[Exercise data]:
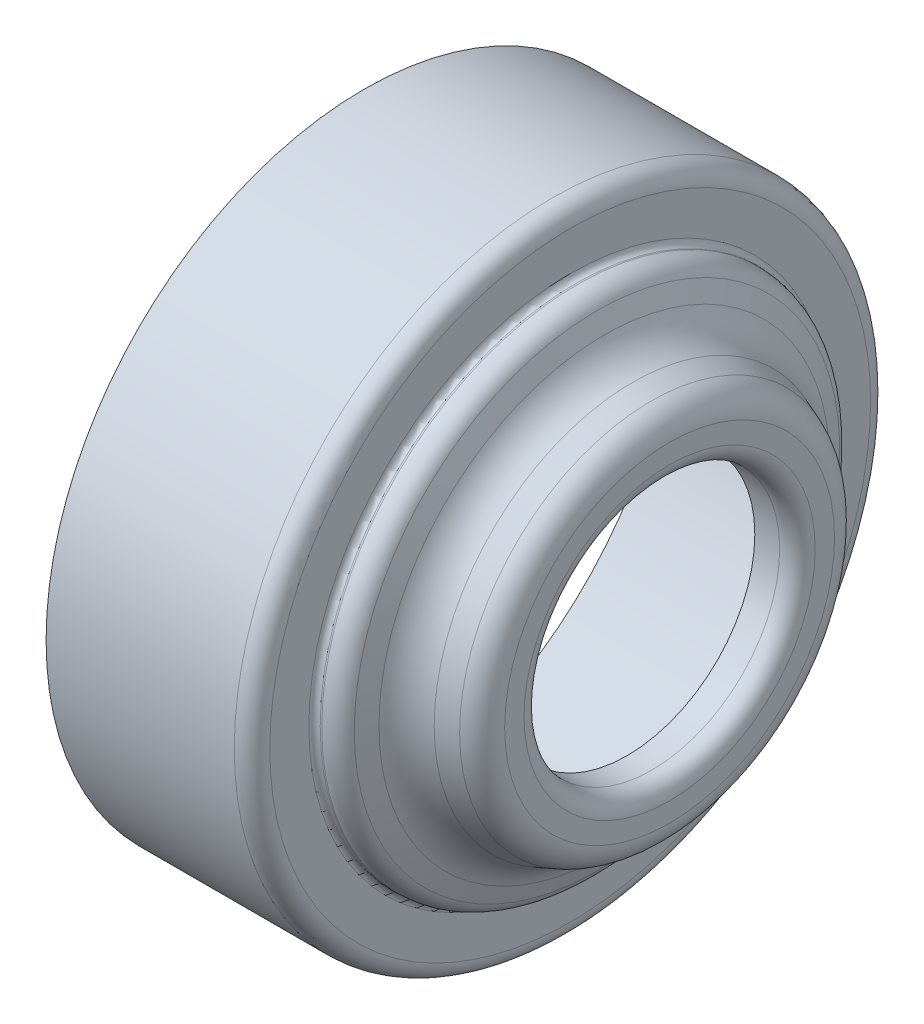
ISO-10303-21;
HEADER;
FILE_DESCRIPTION(('STEP AP214'),'2;1');
FILE_NAME('part.step','',(''),(''),'','','');
FILE_SCHEMA(('AUTOMOTIVE_DESIGN { 1 0 10303 214 1 1 1 1 }'));
ENDSEC;
DATA;
#1=APPLICATION_CONTEXT('core data for automotive mechanical design processes');
#2=APPLICATION_PROTOCOL_DEFINITION('international standard','automotive_design',2000,#1);
#3=PRODUCT_CONTEXT('',#1,'mechanical');
#4=PRODUCT('Part','Part','',(#3));
#5=PRODUCT_RELATED_PRODUCT_CATEGORY('part','',(#4));
#6=PRODUCT_DEFINITION_FORMATION('','',#4);
#7=PRODUCT_DEFINITION_CONTEXT('part definition',#1,'design');
#8=PRODUCT_DEFINITION('design','',#6,#7);
#9=PRODUCT_DEFINITION_SHAPE('','',#8);
#10=(LENGTH_UNIT() NAMED_UNIT(*) SI_UNIT(.MILLI.,.METRE.));
#11=(NAMED_UNIT(*) PLANE_ANGLE_UNIT() SI_UNIT($,.RADIAN.));
#12=(NAMED_UNIT(*) SI_UNIT($,.STERADIAN.) SOLID_ANGLE_UNIT());
#13=UNCERTAINTY_MEASURE_WITH_UNIT(LENGTH_MEASURE(1.E-05),#10,'distance_accuracy_value','');
#14=(GEOMETRIC_REPRESENTATION_CONTEXT(3) GLOBAL_UNCERTAINTY_ASSIGNED_CONTEXT((#13)) GLOBAL_UNIT_ASSIGNED_CONTEXT((#10,
#11,#12)) REPRESENTATION_CONTEXT('',''));
#15=CARTESIAN_POINT('',(0.,0.,0.));
#16=DIRECTION('',(0.,0.,1.));
#17=DIRECTION('',(1.,0.,0.));
#18=AXIS2_PLACEMENT_3D('',#15,#16,#17);
#19=CARTESIAN_POINT('',(-14.5,22.4,0.));
#20=DIRECTION('',(1.,0.,0.));
#21=DIRECTION('',(0.,0.,-1.));
#22=AXIS2_PLACEMENT_3D('',#19,#20,#21);
#23=PLANE('',#22);
#24=CARTESIAN_POINT('',(-14.5,0.,0.));
#25=DIRECTION('',(-1.,0.,0.));
#26=DIRECTION('',(0.,0.,1.));
#27=AXIS2_PLACEMENT_3D('',#24,#25,#26);
#28=CIRCLE('',#27,22.);
#29=CARTESIAN_POINT('',(-14.5,0.,22.));
#30=VERTEX_POINT('',#29);
#31=EDGE_CURVE('E10',#30,#30,#28,.T.);
#32=ORIENTED_EDGE('',*,*,#31,.F.);
#33=EDGE_LOOP('',(#32));
#34=FACE_BOUND('',#33,.T.);
#35=CARTESIAN_POINT('',(-14.5,0.,0.));
#36=DIRECTION('',(-1.,0.,0.));
#37=DIRECTION('',(0.,0.,1.));
#38=AXIS2_PLACEMENT_3D('',#35,#36,#37);
#39=CIRCLE('',#38,22.4);
#40=CARTESIAN_POINT('',(-14.5,0.,22.4));
#41=VERTEX_POINT('',#40);
#42=EDGE_CURVE('E123',#41,#41,#39,.T.);
#43=ORIENTED_EDGE('',*,*,#42,.T.);
#44=EDGE_LOOP('',(#43));
#45=FACE_BOUND('',#44,.T.);
#46=ADVANCED_FACE('F35',(#34,#45),#23,.F.);
#47=CARTESIAN_POINT('',(-28.9724854245721,0.,0.));
#48=DIRECTION('',(-1.,0.,0.));
#49=DIRECTION('',(0.,0.,1.));
#50=AXIS2_PLACEMENT_3D('',#47,#48,#49);
#51=CYLINDRICAL_SURFACE('',#50,22.);
#52=CARTESIAN_POINT('',(-1.25000000000001,0.,0.));
#53=DIRECTION('',(-1.,0.,0.));
#54=DIRECTION('',(0.,0.,1.));
#55=AXIS2_PLACEMENT_3D('',#52,#53,#54);
#56=CIRCLE('',#55,22.);
#57=CARTESIAN_POINT('',(-1.25000000000001,0.,22.));
#58=VERTEX_POINT('',#57);
#59=EDGE_CURVE('E41',#58,#58,#56,.T.);
#60=ORIENTED_EDGE('',*,*,#59,.F.);
#61=EDGE_LOOP('',(#60));
#62=FACE_BOUND('',#61,.T.);
#63=ORIENTED_EDGE('',*,*,#31,.T.);
#64=EDGE_LOOP('',(#63));
#65=FACE_BOUND('',#64,.T.);
#66=ADVANCED_FACE('F280',(#62,#65),#51,.F.);
#67=CARTESIAN_POINT('',(-1.25,0.,0.));
#68=DIRECTION('',(-1.,0.,0.));
#69=DIRECTION('',(0.,0.,1.));
#70=AXIS2_PLACEMENT_3D('',#67,#68,#69);
#71=TOROIDAL_SURFACE('',#70,21.15,0.85);
#72=CARTESIAN_POINT('',(-0.399999999999998,0.,0.));
#73=DIRECTION('',(-1.,0.,0.));
#74=DIRECTION('',(0.,0.,1.));
#75=AXIS2_PLACEMENT_3D('',#72,#73,#74);
#76=CIRCLE('',#75,21.15);
#77=CARTESIAN_POINT('',(-0.399999999999998,0.,21.15));
#78=VERTEX_POINT('',#77);
#79=EDGE_CURVE('E45',#78,#78,#76,.T.);
#80=ORIENTED_EDGE('',*,*,#79,.F.);
#81=EDGE_LOOP('',(#80));
#82=FACE_BOUND('',#81,.T.);
#83=ORIENTED_EDGE('',*,*,#59,.T.);
#84=EDGE_LOOP('',(#83));
#85=FACE_BOUND('',#84,.T.);
#86=ADVANCED_FACE('F275',(#82,#85),#71,.F.);
#87=CARTESIAN_POINT('',(-0.399999999999999,21.15,0.));
#88=DIRECTION('',(1.,0.,0.));
#89=DIRECTION('',(0.,0.,-1.));
#90=AXIS2_PLACEMENT_3D('',#87,#88,#89);
#91=PLANE('',#90);
#92=CARTESIAN_POINT('',(-0.400000000000001,0.,0.));
#93=DIRECTION('',(-1.,0.,0.));
#94=DIRECTION('',(0.,0.,1.));
#95=AXIS2_PLACEMENT_3D('',#92,#93,#94);
#96=CIRCLE('',#95,18.4);
#97=CARTESIAN_POINT('',(-0.400000000000001,0.,18.4));
#98=VERTEX_POINT('',#97);
#99=EDGE_CURVE('E49',#98,#98,#96,.T.);
#100=ORIENTED_EDGE('',*,*,#99,.F.);
#101=EDGE_LOOP('',(#100));
#102=FACE_BOUND('',#101,.T.);
#103=ORIENTED_EDGE('',*,*,#79,.T.);
#104=EDGE_LOOP('',(#103));
#105=FACE_BOUND('',#104,.T.);
#106=ADVANCED_FACE('F269',(#102,#105),#91,.F.);
#107=CARTESIAN_POINT('',(0.400000000000002,0.,0.));
#108=DIRECTION('',(-1.,0.,0.));
#109=DIRECTION('',(0.,0.,1.));
#110=AXIS2_PLACEMENT_3D('',#107,#108,#109);
#111=TOROIDAL_SURFACE('',#110,18.4,0.800000000000002);
#112=CARTESIAN_POINT('',(0.400000000000001,0.,0.));
#113=DIRECTION('',(-1.,0.,0.));
#114=DIRECTION('',(0.,0.,1.));
#115=AXIS2_PLACEMENT_3D('',#112,#113,#114);
#116=CIRCLE('',#115,17.6);
#117=CARTESIAN_POINT('',(0.400000000000001,0.,17.6));
#118=VERTEX_POINT('',#117);
#119=EDGE_CURVE('E54',#118,#118,#116,.T.);
#120=ORIENTED_EDGE('',*,*,#119,.F.);
#121=EDGE_LOOP('',(#120));
#122=FACE_BOUND('',#121,.T.);
#123=ORIENTED_EDGE('',*,*,#99,.T.);
#124=EDGE_LOOP('',(#123));
#125=FACE_BOUND('',#124,.T.);
#126=ADVANCED_FACE('F263',(#122,#125),#111,.T.);
#127=CARTESIAN_POINT('',(-28.9724854245721,0.,0.));
#128=DIRECTION('',(-1.,0.,0.));
#129=DIRECTION('',(0.,0.,1.));
#130=AXIS2_PLACEMENT_3D('',#127,#128,#129);
#131=CYLINDRICAL_SURFACE('',#130,17.6);
#132=CARTESIAN_POINT('',(0.510905763029156,0.,0.));
#133=DIRECTION('',(-1.,0.,0.));
#134=DIRECTION('',(0.,0.,1.));
#135=AXIS2_PLACEMENT_3D('',#132,#133,#134);
#136=CIRCLE('',#135,17.6);
#137=CARTESIAN_POINT('',(0.510905763029156,0.,17.6));
#138=VERTEX_POINT('',#137);
#139=EDGE_CURVE('E57',#138,#138,#136,.T.);
#140=ORIENTED_EDGE('',*,*,#139,.F.);
#141=EDGE_LOOP('',(#140));
#142=FACE_BOUND('',#141,.T.);
#143=ORIENTED_EDGE('',*,*,#119,.T.);
#144=EDGE_LOOP('',(#143));
#145=FACE_BOUND('',#144,.T.);
#146=ADVANCED_FACE('F257',(#142,#145),#131,.F.);
#147=CARTESIAN_POINT('',(0.510905763029164,0.,0.));
#148=DIRECTION('',(-1.,0.,0.));
#149=DIRECTION('',(0.,0.,1.));
#150=AXIS2_PLACEMENT_3D('',#147,#148,#149);
#151=TOROIDAL_SURFACE('',#150,16.5,1.1);
#152=CARTESIAN_POINT('',(1.52196529604903,0.,0.));
#153=DIRECTION('',(-1.,0.,0.));
#154=DIRECTION('',(0.,0.,1.));
#155=AXIS2_PLACEMENT_3D('',#152,#153,#154);
#156=CIRCLE('',#155,16.9333112284371);
#157=CARTESIAN_POINT('',(1.52196529604903,0.,16.9333112284371));
#158=VERTEX_POINT('',#157);
#159=EDGE_CURVE('E60',#158,#158,#156,.T.);
#160=ORIENTED_EDGE('',*,*,#159,.F.);
#161=EDGE_LOOP('',(#160));
#162=FACE_BOUND('',#161,.T.);
#163=ORIENTED_EDGE('',*,*,#139,.T.);
#164=EDGE_LOOP('',(#163));
#165=FACE_BOUND('',#164,.T.);
#166=ADVANCED_FACE('F251',(#162,#165),#151,.F.);
#167=CARTESIAN_POINT('',(1.52196529604903,0.,0.));
#168=DIRECTION('',(-1.,0.,0.));
#169=DIRECTION('',(0.,0.,1.));
#170=AXIS2_PLACEMENT_3D('',#167,#168,#169);
#171=CONICAL_SURFACE('',#170,16.9333112284371,1.16590454050981);
#172=CARTESIAN_POINT('',(2.04362390714991,0.,0.));
#173=DIRECTION('',(-1.,0.,0.));
#174=DIRECTION('',(0.,0.,1.));
#175=AXIS2_PLACEMENT_3D('',#172,#173,#174);
#176=CIRCLE('',#175,15.716107802535);
#177=CARTESIAN_POINT('',(2.04362390714991,0.,15.716107802535));
#178=VERTEX_POINT('',#177);
#179=EDGE_CURVE('E63',#178,#178,#176,.T.);
#180=ORIENTED_EDGE('',*,*,#179,.F.);
#181=EDGE_LOOP('',(#180));
#182=FACE_BOUND('',#181,.T.);
#183=ORIENTED_EDGE('',*,*,#159,.T.);
#184=EDGE_LOOP('',(#183));
#185=FACE_BOUND('',#184,.T.);
#186=ADVANCED_FACE('F245',(#182,#185),#171,.F.);
#187=CARTESIAN_POINT('',(5.62828952422033,0.,0.));
#188=DIRECTION('',(-1.,0.,0.));
#189=DIRECTION('',(0.,0.,1.));
#190=AXIS2_PLACEMENT_3D('',#187,#188,#189);
#191=TOROIDAL_SURFACE('',#190,17.2523930669938,3.9);
#192=CARTESIAN_POINT('',(4.2589081020256,0.,0.));
#193=DIRECTION('',(-1.,0.,0.));
#194=DIRECTION('',(0.,0.,1.));
#195=AXIS2_PLACEMENT_3D('',#192,#193,#194);
#196=CIRCLE('',#195,13.6007092744745);
#197=CARTESIAN_POINT('',(4.2589081020256,0.,13.6007092744745));
#198=VERTEX_POINT('',#197);
#199=EDGE_CURVE('E66',#198,#198,#196,.T.);
#200=ORIENTED_EDGE('',*,*,#199,.F.);
#201=EDGE_LOOP('',(#200));
#202=FACE_BOUND('',#201,.T.);
#203=ORIENTED_EDGE('',*,*,#179,.T.);
#204=EDGE_LOOP('',(#203));
#205=FACE_BOUND('',#204,.T.);
#206=ADVANCED_FACE('F239',(#202,#205),#191,.T.);
#207=CARTESIAN_POINT('',(4.2589081020256,0.,0.));
#208=DIRECTION('',(-1.,0.,0.));
#209=DIRECTION('',(0.,0.,1.));
#210=AXIS2_PLACEMENT_3D('',#207,#208,#209);
#211=CONICAL_SURFACE('',#210,13.6007092744745,0.358770670270572);
#212=CARTESIAN_POINT('',(5.56179750654143,0.,0.));
#213=DIRECTION('',(-1.,0.,0.));
#214=DIRECTION('',(0.,0.,1.));
#215=AXIS2_PLACEMENT_3D('',#212,#213,#214);
#216=CIRCLE('',#215,13.1121257477811);
#217=CARTESIAN_POINT('',(5.56179750654143,0.,13.1121257477811));
#218=VERTEX_POINT('',#217);
#219=EDGE_CURVE('E69',#218,#218,#216,.T.);
#220=ORIENTED_EDGE('',*,*,#219,.F.);
#221=EDGE_LOOP('',(#220));
#222=FACE_BOUND('',#221,.T.);
#223=ORIENTED_EDGE('',*,*,#199,.T.);
#224=EDGE_LOOP('',(#223));
#225=FACE_BOUND('',#224,.T.);
#226=ADVANCED_FACE('F233',(#222,#225),#211,.F.);
#227=CARTESIAN_POINT('',(5.,0.,0.));
#228=DIRECTION('',(-1.,0.,0.));
#229=DIRECTION('',(0.,0.,1.));
#230=AXIS2_PLACEMENT_3D('',#227,#228,#229);
#231=TOROIDAL_SURFACE('',#230,11.6139990636706,1.6);
#232=CARTESIAN_POINT('',(6.6,0.,0.));
#233=DIRECTION('',(-1.,0.,0.));
#234=DIRECTION('',(0.,0.,1.));
#235=AXIS2_PLACEMENT_3D('',#232,#233,#234);
#236=CIRCLE('',#235,11.6139990636706);
#237=CARTESIAN_POINT('',(6.6,0.,11.6139990636706));
#238=VERTEX_POINT('',#237);
#239=EDGE_CURVE('E72',#238,#238,#236,.T.);
#240=ORIENTED_EDGE('',*,*,#239,.F.);
#241=EDGE_LOOP('',(#240));
#242=FACE_BOUND('',#241,.T.);
#243=ORIENTED_EDGE('',*,*,#219,.T.);
#244=EDGE_LOOP('',(#243));
#245=FACE_BOUND('',#244,.T.);
#246=ADVANCED_FACE('F227',(#242,#245),#231,.F.);
#247=CARTESIAN_POINT('',(6.6,11.6139990636706,0.));
#248=DIRECTION('',(1.,0.,0.));
#249=DIRECTION('',(0.,0.,-1.));
#250=AXIS2_PLACEMENT_3D('',#247,#248,#249);
#251=PLANE('',#250);
#252=CARTESIAN_POINT('',(6.6,0.,0.));
#253=DIRECTION('',(-1.,0.,0.));
#254=DIRECTION('',(0.,0.,1.));
#255=AXIS2_PLACEMENT_3D('',#252,#253,#254);
#256=CIRCLE('',#255,10.25);
#257=CARTESIAN_POINT('',(6.6,0.,10.25));
#258=VERTEX_POINT('',#257);
#259=EDGE_CURVE('E75',#258,#258,#256,.T.);
#260=ORIENTED_EDGE('',*,*,#259,.F.);
#261=EDGE_LOOP('',(#260));
#262=FACE_BOUND('',#261,.T.);
#263=ORIENTED_EDGE('',*,*,#239,.T.);
#264=EDGE_LOOP('',(#263));
#265=FACE_BOUND('',#264,.T.);
#266=ADVANCED_FACE('F221',(#262,#265),#251,.F.);
#267=CARTESIAN_POINT('',(5.75,0.,0.));
#268=DIRECTION('',(-1.,0.,0.));
#269=DIRECTION('',(0.,0.,1.));
#270=AXIS2_PLACEMENT_3D('',#267,#268,#269);
#271=TOROIDAL_SURFACE('',#270,10.25,0.849999999999999);
#272=CARTESIAN_POINT('',(5.75000000000001,0.,0.));
#273=DIRECTION('',(-1.,0.,0.));
#274=DIRECTION('',(0.,0.,1.));
#275=AXIS2_PLACEMENT_3D('',#272,#273,#274);
#276=CIRCLE('',#275,9.4);
#277=CARTESIAN_POINT('',(5.75000000000001,0.,9.4));
#278=VERTEX_POINT('',#277);
#279=EDGE_CURVE('E78',#278,#278,#276,.T.);
#280=ORIENTED_EDGE('',*,*,#279,.F.);
#281=EDGE_LOOP('',(#280));
#282=FACE_BOUND('',#281,.T.);
#283=ORIENTED_EDGE('',*,*,#259,.T.);
#284=EDGE_LOOP('',(#283));
#285=FACE_BOUND('',#284,.T.);
#286=ADVANCED_FACE('F215',(#282,#285),#271,.F.);
#287=CARTESIAN_POINT('',(-28.9724854245721,0.,0.));
#288=DIRECTION('',(-1.,0.,0.));
#289=DIRECTION('',(0.,0.,1.));
#290=AXIS2_PLACEMENT_3D('',#287,#288,#289);
#291=CYLINDRICAL_SURFACE('',#290,9.4);
#292=CARTESIAN_POINT('',(4.,0.,0.));
#293=DIRECTION('',(-1.,0.,0.));
#294=DIRECTION('',(0.,0.,1.));
#295=AXIS2_PLACEMENT_3D('',#292,#293,#294);
#296=CIRCLE('',#295,9.4);
#297=CARTESIAN_POINT('',(4.,0.,9.4));
#298=VERTEX_POINT('',#297);
#299=EDGE_CURVE('E81',#298,#298,#296,.T.);
#300=ORIENTED_EDGE('',*,*,#299,.F.);
#301=EDGE_LOOP('',(#300));
#302=FACE_BOUND('',#301,.T.);
#303=ORIENTED_EDGE('',*,*,#279,.T.);
#304=EDGE_LOOP('',(#303));
#305=FACE_BOUND('',#304,.T.);
#306=ADVANCED_FACE('F209',(#302,#305),#291,.T.);
#307=CARTESIAN_POINT('',(4.,9.4,0.));
#308=DIRECTION('',(1.,0.,0.));
#309=DIRECTION('',(0.,0.,-1.));
#310=AXIS2_PLACEMENT_3D('',#307,#308,#309);
#311=PLANE('',#310);
#312=CARTESIAN_POINT('',(4.,0.,0.));
#313=DIRECTION('',(-1.,0.,0.));
#314=DIRECTION('',(0.,0.,1.));
#315=AXIS2_PLACEMENT_3D('',#312,#313,#314);
#316=CIRCLE('',#315,9.);
#317=CARTESIAN_POINT('',(4.,0.,9.));
#318=VERTEX_POINT('',#317);
#319=EDGE_CURVE('E84',#318,#318,#316,.T.);
#320=ORIENTED_EDGE('',*,*,#319,.F.);
#321=EDGE_LOOP('',(#320));
#322=FACE_BOUND('',#321,.T.);
#323=ORIENTED_EDGE('',*,*,#299,.T.);
#324=EDGE_LOOP('',(#323));
#325=FACE_BOUND('',#324,.T.);
#326=ADVANCED_FACE('F203',(#322,#325),#311,.F.);
#327=CARTESIAN_POINT('',(-28.9724854245721,0.,0.));
#328=DIRECTION('',(-1.,0.,0.));
#329=DIRECTION('',(0.,0.,1.));
#330=AXIS2_PLACEMENT_3D('',#327,#328,#329);
#331=CYLINDRICAL_SURFACE('',#330,9.);
#332=CARTESIAN_POINT('',(5.75000000000001,0.,0.));
#333=DIRECTION('',(-1.,0.,0.));
#334=DIRECTION('',(0.,0.,1.));
#335=AXIS2_PLACEMENT_3D('',#332,#333,#334);
#336=CIRCLE('',#335,9.);
#337=CARTESIAN_POINT('',(5.75000000000001,0.,9.));
#338=VERTEX_POINT('',#337);
#339=EDGE_CURVE('E87',#338,#338,#336,.T.);
#340=ORIENTED_EDGE('',*,*,#339,.F.);
#341=EDGE_LOOP('',(#340));
#342=FACE_BOUND('',#341,.T.);
#343=ORIENTED_EDGE('',*,*,#319,.T.);
#344=EDGE_LOOP('',(#343));
#345=FACE_BOUND('',#344,.T.);
#346=ADVANCED_FACE('F197',(#342,#345),#331,.F.);
#347=CARTESIAN_POINT('',(5.75,0.,0.));
#348=DIRECTION('',(-1.,0.,0.));
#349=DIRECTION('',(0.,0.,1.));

[The task]: Your answer should consist solely of the lines above from the line with "#97=CARTESIAN_POINT('',(-0.400000000000001,0.,18.4));" to the line with "#126=ADVANCED_FACE('F263',(#122,#125),#111,.T.);", both included, reproduced exactly.

[Answer]:
#97=CARTESIAN_POINT('',(-0.400000000000001,0.,18.4));
#98=VERTEX_POINT('',#97);
#99=EDGE_CURVE('E49',#98,#98,#96,.T.);
#100=ORIENTED_EDGE('',*,*,#99,.F.);
#101=EDGE_LOOP('',(#100));
#102=FACE_BOUND('',#101,.T.);
#103=ORIENTED_EDGE('',*,*,#79,.T.);
#104=EDGE_LOOP('',(#103));
#105=FACE_BOUND('',#104,.T.);
#106=ADVANCED_FACE('F269',(#102,#105),#91,.F.);
#107=CARTESIAN_POINT('',(0.400000000000002,0.,0.));
#108=DIRECTION('',(-1.,0.,0.));
#109=DIRECTION('',(0.,0.,1.));
#110=AXIS2_PLACEMENT_3D('',#107,#108,#109);
#111=TOROIDAL_SURFACE('',#110,18.4,0.800000000000002);
#112=CARTESIAN_POINT('',(0.400000000000001,0.,0.));
#113=DIRECTION('',(-1.,0.,0.));
#114=DIRECTION('',(0.,0.,1.));
#115=AXIS2_PLACEMENT_3D('',#112,#113,#114);
#116=CIRCLE('',#115,17.6);
#117=CARTESIAN_POINT('',(0.400000000000001,0.,17.6));
#118=VERTEX_POINT('',#117);
#119=EDGE_CURVE('E54',#118,#118,#116,.T.);
#120=ORIENTED_EDGE('',*,*,#119,.F.);
#121=EDGE_LOOP('',(#120));
#122=FACE_BOUND('',#121,.T.);
#123=ORIENTED_EDGE('',*,*,#99,.T.);
#124=EDGE_LOOP('',(#123));
#125=FACE_BOUND('',#124,.T.);
#126=ADVANCED_FACE('F263',(#122,#125),#111,.T.);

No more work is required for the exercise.